(Source data)
---
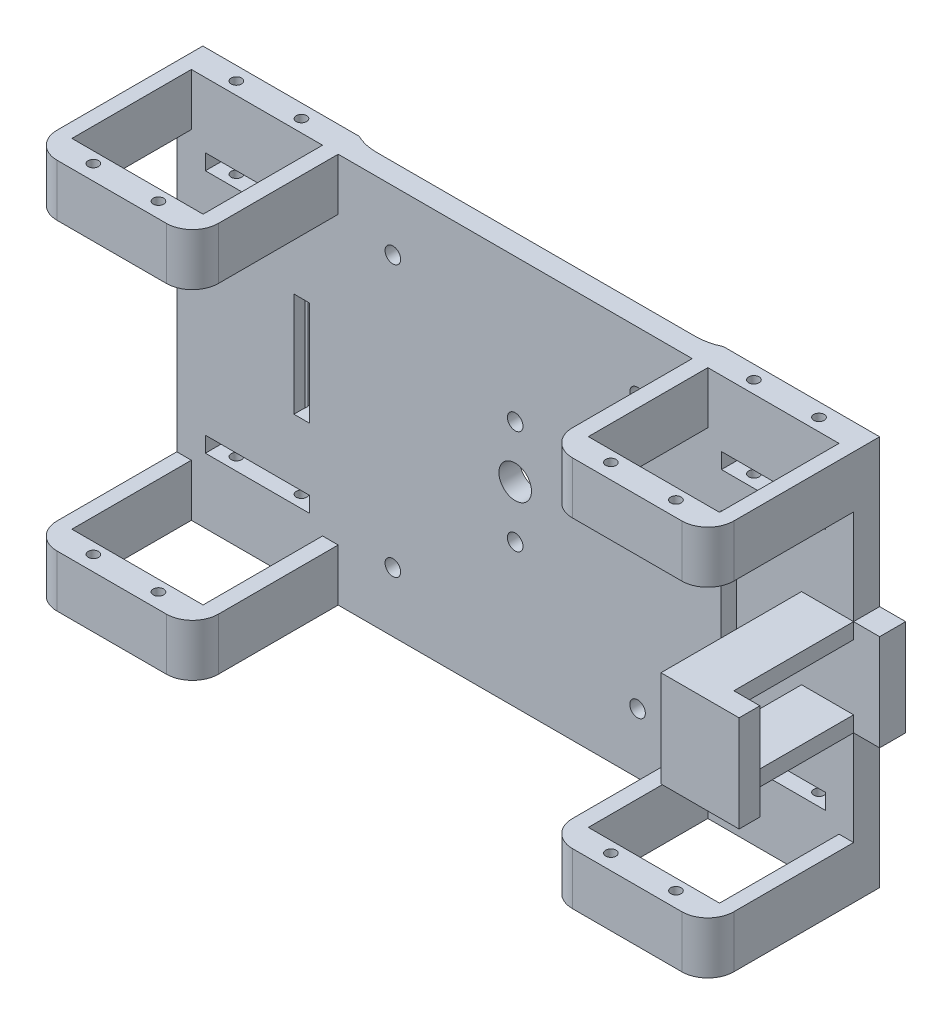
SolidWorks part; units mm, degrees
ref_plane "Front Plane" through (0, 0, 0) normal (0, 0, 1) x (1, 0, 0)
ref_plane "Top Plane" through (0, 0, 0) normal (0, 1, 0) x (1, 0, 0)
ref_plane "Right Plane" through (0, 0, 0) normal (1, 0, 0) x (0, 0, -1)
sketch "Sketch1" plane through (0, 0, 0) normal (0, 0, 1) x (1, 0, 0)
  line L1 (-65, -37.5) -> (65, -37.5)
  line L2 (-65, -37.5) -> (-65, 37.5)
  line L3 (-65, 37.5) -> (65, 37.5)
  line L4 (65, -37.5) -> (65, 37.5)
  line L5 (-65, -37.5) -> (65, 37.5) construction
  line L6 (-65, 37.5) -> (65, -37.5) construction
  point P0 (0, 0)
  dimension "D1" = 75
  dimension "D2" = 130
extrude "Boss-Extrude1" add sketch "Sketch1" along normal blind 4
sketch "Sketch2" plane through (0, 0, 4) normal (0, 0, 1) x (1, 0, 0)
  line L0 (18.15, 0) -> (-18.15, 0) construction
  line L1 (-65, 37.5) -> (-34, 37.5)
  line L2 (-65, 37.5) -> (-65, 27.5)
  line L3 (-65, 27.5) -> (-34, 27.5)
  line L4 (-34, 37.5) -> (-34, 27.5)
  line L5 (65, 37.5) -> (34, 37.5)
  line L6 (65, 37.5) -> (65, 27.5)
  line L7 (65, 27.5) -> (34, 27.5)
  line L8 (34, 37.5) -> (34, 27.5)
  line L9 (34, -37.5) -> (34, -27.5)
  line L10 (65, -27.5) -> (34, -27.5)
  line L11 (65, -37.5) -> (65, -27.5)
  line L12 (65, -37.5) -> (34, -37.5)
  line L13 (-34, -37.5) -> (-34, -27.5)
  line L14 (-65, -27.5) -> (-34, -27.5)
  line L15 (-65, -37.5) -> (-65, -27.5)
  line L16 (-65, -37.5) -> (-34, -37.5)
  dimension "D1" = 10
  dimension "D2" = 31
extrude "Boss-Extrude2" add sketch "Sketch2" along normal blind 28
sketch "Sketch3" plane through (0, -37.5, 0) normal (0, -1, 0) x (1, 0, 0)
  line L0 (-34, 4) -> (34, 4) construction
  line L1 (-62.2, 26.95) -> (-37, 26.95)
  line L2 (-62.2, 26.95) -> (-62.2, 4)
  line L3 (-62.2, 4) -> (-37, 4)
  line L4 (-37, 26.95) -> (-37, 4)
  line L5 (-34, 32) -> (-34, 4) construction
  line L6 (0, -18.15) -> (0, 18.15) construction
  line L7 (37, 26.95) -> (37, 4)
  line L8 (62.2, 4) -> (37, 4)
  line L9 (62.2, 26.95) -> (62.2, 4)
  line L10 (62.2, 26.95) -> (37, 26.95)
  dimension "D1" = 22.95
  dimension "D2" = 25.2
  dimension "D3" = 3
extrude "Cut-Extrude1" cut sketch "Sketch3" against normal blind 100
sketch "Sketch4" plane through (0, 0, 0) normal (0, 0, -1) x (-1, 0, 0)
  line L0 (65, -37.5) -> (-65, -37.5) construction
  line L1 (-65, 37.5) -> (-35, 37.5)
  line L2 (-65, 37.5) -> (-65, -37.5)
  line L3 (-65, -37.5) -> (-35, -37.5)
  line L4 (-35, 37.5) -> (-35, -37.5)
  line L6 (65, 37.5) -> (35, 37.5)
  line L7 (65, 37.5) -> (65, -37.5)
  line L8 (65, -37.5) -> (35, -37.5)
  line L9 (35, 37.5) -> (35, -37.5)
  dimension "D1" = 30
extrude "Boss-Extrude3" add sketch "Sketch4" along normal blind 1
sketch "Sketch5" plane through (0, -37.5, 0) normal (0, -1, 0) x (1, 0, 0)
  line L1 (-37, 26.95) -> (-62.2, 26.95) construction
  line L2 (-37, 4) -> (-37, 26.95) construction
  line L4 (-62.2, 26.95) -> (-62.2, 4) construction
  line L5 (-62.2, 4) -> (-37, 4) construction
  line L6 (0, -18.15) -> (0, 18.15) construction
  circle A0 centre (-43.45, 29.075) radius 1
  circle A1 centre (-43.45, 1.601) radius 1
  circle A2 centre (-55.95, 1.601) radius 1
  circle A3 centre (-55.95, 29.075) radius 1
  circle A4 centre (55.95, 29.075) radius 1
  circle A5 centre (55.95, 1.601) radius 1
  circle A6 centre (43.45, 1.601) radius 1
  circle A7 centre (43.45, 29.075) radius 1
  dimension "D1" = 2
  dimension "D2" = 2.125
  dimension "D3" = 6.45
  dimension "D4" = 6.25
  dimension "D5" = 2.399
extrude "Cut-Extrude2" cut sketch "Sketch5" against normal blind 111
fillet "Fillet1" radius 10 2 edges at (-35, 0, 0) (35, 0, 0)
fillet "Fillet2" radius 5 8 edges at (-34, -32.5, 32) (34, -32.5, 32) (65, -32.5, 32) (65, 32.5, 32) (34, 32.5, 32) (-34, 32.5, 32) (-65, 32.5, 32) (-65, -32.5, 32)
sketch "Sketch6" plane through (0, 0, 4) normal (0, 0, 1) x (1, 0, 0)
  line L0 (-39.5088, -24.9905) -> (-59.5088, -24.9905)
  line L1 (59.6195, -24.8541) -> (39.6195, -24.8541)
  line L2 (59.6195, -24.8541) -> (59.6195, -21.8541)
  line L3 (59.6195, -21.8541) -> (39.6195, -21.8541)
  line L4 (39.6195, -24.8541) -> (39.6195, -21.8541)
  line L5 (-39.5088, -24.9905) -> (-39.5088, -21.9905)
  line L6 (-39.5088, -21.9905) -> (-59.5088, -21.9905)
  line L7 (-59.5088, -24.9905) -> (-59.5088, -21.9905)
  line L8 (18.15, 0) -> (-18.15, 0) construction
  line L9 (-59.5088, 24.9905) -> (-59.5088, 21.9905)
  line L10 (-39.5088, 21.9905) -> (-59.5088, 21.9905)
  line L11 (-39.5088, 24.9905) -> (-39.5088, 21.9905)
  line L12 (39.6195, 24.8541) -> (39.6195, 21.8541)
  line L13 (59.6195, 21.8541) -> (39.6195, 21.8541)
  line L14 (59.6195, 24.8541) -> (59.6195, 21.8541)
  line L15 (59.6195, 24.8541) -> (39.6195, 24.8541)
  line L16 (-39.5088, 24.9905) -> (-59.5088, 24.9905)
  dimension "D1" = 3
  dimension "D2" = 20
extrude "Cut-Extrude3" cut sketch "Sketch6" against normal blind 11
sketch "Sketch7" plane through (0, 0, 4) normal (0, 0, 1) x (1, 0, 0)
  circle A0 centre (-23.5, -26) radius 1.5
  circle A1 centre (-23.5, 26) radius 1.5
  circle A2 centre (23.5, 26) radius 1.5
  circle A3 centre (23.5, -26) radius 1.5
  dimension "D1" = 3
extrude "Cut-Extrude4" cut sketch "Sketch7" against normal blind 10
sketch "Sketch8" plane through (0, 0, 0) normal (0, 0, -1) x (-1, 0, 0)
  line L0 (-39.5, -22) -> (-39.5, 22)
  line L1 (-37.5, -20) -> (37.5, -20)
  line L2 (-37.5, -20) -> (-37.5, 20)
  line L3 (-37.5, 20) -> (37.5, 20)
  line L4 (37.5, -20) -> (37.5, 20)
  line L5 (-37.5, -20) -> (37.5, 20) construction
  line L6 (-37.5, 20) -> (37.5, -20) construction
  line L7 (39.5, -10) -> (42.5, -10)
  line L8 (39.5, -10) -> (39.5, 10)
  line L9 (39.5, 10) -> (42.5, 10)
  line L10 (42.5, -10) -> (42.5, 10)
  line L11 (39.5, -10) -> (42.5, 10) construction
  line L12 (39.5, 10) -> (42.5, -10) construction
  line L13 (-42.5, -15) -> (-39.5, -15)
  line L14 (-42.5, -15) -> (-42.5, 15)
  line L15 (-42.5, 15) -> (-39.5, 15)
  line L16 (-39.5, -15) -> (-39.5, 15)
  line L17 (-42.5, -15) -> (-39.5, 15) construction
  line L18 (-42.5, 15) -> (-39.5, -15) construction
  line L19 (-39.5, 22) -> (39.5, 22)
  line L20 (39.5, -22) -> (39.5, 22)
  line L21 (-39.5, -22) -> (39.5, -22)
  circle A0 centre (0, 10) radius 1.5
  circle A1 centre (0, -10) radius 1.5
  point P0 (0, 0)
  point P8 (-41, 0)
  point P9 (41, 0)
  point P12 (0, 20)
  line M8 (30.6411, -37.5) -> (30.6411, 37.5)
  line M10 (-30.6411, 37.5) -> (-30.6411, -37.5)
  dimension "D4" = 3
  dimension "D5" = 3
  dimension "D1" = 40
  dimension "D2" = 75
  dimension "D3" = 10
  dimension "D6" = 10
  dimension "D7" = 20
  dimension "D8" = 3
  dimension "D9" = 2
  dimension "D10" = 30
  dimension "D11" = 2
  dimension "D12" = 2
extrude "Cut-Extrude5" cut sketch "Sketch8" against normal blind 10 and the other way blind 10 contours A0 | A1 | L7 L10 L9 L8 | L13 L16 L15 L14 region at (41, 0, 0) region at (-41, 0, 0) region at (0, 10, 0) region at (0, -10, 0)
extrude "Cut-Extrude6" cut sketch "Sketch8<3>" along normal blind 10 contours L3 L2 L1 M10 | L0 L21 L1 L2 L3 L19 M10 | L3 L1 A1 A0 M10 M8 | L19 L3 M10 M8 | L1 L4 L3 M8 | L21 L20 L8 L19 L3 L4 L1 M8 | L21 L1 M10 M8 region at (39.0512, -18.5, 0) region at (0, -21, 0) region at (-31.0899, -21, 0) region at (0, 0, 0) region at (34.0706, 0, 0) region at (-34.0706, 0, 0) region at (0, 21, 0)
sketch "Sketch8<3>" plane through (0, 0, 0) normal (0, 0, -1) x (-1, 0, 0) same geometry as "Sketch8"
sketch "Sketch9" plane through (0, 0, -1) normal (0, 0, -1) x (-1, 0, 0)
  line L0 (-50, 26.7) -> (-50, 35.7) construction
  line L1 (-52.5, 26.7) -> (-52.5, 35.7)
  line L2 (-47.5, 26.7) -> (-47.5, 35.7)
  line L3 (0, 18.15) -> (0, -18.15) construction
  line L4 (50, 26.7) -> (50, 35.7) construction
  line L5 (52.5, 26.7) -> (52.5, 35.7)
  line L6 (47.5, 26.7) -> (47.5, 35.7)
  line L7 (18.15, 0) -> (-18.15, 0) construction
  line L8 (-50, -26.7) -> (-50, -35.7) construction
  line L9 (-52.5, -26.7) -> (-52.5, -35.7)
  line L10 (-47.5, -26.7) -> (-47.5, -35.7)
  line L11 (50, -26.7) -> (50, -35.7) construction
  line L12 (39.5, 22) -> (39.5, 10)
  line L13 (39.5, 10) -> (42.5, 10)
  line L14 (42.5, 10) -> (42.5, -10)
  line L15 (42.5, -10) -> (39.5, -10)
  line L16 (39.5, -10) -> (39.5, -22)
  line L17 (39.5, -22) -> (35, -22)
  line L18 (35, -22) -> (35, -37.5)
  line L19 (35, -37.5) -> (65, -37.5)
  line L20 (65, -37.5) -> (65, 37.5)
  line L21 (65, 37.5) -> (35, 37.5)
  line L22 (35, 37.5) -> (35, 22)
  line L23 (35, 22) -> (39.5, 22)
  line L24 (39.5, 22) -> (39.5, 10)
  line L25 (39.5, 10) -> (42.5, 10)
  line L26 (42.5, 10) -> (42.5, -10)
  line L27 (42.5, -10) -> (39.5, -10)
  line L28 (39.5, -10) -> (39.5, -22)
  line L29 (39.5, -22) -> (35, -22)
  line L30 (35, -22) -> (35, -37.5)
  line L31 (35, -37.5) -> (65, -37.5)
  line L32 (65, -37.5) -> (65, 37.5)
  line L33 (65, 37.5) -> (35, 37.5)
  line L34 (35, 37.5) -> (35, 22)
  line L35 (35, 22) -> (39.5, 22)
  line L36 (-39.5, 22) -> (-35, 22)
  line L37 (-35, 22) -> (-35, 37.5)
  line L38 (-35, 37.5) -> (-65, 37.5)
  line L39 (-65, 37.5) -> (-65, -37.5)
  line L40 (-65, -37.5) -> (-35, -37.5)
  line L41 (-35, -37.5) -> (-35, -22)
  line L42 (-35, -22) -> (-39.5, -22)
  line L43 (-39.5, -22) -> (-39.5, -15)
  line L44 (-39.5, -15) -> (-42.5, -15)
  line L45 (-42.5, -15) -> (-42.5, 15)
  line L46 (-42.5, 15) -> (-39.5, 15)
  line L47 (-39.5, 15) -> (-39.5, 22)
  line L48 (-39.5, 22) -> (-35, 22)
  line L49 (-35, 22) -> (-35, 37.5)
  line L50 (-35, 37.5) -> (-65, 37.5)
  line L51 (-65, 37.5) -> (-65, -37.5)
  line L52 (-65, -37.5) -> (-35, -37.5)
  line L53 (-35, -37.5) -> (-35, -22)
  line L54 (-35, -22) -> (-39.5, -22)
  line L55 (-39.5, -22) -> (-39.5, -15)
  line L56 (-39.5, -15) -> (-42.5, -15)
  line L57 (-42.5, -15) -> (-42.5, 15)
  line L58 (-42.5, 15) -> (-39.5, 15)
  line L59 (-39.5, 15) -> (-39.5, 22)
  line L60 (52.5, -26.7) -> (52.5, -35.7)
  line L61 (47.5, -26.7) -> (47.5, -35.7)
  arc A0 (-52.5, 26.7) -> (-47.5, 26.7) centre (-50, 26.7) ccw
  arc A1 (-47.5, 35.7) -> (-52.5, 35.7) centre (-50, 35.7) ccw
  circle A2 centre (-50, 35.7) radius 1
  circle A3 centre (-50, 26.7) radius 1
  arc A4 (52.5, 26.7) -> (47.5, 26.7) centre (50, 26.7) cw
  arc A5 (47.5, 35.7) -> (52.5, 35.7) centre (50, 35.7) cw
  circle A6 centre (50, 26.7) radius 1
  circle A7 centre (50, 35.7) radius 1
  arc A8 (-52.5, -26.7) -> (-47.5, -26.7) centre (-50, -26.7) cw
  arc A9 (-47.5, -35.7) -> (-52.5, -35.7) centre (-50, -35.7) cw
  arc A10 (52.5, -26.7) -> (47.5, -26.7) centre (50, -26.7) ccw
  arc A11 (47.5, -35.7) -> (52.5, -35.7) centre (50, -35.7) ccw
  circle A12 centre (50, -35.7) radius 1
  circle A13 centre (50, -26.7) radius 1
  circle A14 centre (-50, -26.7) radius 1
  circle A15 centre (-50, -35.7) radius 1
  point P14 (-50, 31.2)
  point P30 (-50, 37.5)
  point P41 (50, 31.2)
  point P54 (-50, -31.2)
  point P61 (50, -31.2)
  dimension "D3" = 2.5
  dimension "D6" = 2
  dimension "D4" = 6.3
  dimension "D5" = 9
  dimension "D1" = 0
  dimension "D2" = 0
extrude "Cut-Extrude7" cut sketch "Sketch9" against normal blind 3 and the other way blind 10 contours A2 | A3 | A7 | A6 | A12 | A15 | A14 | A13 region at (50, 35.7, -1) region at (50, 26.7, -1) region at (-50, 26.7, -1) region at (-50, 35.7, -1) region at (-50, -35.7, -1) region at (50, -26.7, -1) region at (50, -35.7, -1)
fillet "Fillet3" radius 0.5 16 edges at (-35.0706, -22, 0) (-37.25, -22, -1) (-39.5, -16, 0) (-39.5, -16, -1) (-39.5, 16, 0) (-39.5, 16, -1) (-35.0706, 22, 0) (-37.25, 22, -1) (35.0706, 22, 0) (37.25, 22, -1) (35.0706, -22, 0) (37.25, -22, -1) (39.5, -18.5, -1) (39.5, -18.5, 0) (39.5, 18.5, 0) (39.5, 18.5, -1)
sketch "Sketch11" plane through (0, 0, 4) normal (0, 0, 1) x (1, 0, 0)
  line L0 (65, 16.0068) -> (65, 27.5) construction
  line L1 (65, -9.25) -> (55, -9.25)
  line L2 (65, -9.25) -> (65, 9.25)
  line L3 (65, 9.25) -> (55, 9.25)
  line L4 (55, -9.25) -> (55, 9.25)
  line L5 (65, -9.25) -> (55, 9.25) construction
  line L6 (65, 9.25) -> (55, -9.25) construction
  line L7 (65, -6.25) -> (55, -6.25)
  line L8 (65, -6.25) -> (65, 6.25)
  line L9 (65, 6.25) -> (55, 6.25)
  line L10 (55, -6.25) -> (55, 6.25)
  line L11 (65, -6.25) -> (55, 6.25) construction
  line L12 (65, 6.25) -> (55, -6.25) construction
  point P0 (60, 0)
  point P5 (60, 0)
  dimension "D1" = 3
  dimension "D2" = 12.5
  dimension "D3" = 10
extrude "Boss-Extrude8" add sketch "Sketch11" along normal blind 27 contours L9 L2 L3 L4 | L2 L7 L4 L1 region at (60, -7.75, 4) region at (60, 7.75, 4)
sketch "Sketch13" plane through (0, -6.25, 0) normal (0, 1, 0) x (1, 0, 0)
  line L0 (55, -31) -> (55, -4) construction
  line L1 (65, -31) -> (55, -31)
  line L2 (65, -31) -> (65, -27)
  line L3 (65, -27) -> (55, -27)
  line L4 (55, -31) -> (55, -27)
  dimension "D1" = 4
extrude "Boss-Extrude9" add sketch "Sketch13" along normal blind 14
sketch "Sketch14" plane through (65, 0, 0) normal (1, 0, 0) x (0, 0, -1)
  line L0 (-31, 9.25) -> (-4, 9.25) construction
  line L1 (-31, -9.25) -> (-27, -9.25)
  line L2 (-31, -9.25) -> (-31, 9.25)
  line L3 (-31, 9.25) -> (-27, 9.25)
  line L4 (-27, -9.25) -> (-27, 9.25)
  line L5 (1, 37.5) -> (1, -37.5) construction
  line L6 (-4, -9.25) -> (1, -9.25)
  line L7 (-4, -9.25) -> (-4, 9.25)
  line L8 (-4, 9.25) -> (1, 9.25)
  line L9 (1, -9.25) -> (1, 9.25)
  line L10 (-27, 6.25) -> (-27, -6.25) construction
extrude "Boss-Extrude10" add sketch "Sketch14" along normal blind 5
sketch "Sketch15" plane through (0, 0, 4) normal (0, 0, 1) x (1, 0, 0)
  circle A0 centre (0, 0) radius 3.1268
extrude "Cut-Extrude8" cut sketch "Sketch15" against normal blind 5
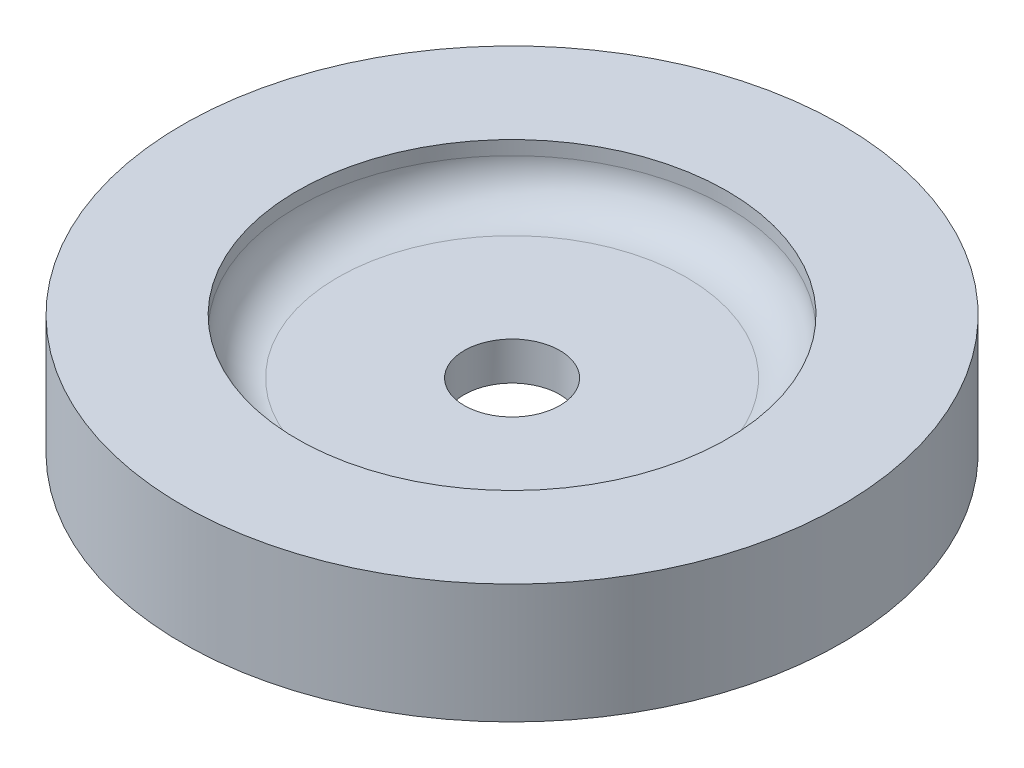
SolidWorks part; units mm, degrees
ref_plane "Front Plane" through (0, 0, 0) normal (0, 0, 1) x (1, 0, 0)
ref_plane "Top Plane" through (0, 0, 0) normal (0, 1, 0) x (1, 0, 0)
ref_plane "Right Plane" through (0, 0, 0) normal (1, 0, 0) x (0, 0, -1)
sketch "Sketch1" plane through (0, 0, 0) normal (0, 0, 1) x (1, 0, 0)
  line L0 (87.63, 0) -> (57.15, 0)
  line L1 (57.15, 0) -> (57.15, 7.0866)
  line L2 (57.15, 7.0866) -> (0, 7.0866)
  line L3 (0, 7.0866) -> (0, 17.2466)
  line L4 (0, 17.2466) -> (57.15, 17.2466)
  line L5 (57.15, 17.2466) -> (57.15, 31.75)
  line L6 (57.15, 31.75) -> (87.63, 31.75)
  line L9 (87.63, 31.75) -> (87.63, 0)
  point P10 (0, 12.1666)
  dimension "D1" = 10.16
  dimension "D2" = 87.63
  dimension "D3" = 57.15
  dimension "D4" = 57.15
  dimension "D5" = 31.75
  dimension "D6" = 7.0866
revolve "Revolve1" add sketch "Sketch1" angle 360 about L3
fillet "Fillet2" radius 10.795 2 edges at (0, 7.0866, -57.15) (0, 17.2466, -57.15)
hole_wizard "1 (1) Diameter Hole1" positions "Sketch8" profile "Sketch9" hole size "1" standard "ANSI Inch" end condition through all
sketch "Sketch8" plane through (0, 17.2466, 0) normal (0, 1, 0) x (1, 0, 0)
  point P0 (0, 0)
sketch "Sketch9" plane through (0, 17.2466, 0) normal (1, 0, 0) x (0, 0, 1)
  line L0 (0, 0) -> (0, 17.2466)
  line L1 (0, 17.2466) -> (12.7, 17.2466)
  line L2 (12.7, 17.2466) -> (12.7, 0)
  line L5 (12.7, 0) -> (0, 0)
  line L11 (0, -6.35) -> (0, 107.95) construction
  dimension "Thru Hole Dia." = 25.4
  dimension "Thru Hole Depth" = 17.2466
---
Reprint exactly the lines above that start at the one with "line L10 (62.2, 26.95) -> (37, 26.95)" and end at the one with "line L1 (-65, 37.5) -> (-35, 37.5)", keeping both and adding none.

▶ _RESPONSE TO THE EXERCISE_
  line L10 (62.2, 26.95) -> (37, 26.95)
  dimension "D1" = 22.95
  dimension "D2" = 25.2
  dimension "D3" = 3
extrude "Cut-Extrude1" cut sketch "Sketch3" against normal blind 100
sketch "Sketch4" plane through (0, 0, 0) normal (0, 0, -1) x (-1, 0, 0)
  line L0 (65, -37.5) -> (-65, -37.5) construction
  line L1 (-65, 37.5) -> (-35, 37.5)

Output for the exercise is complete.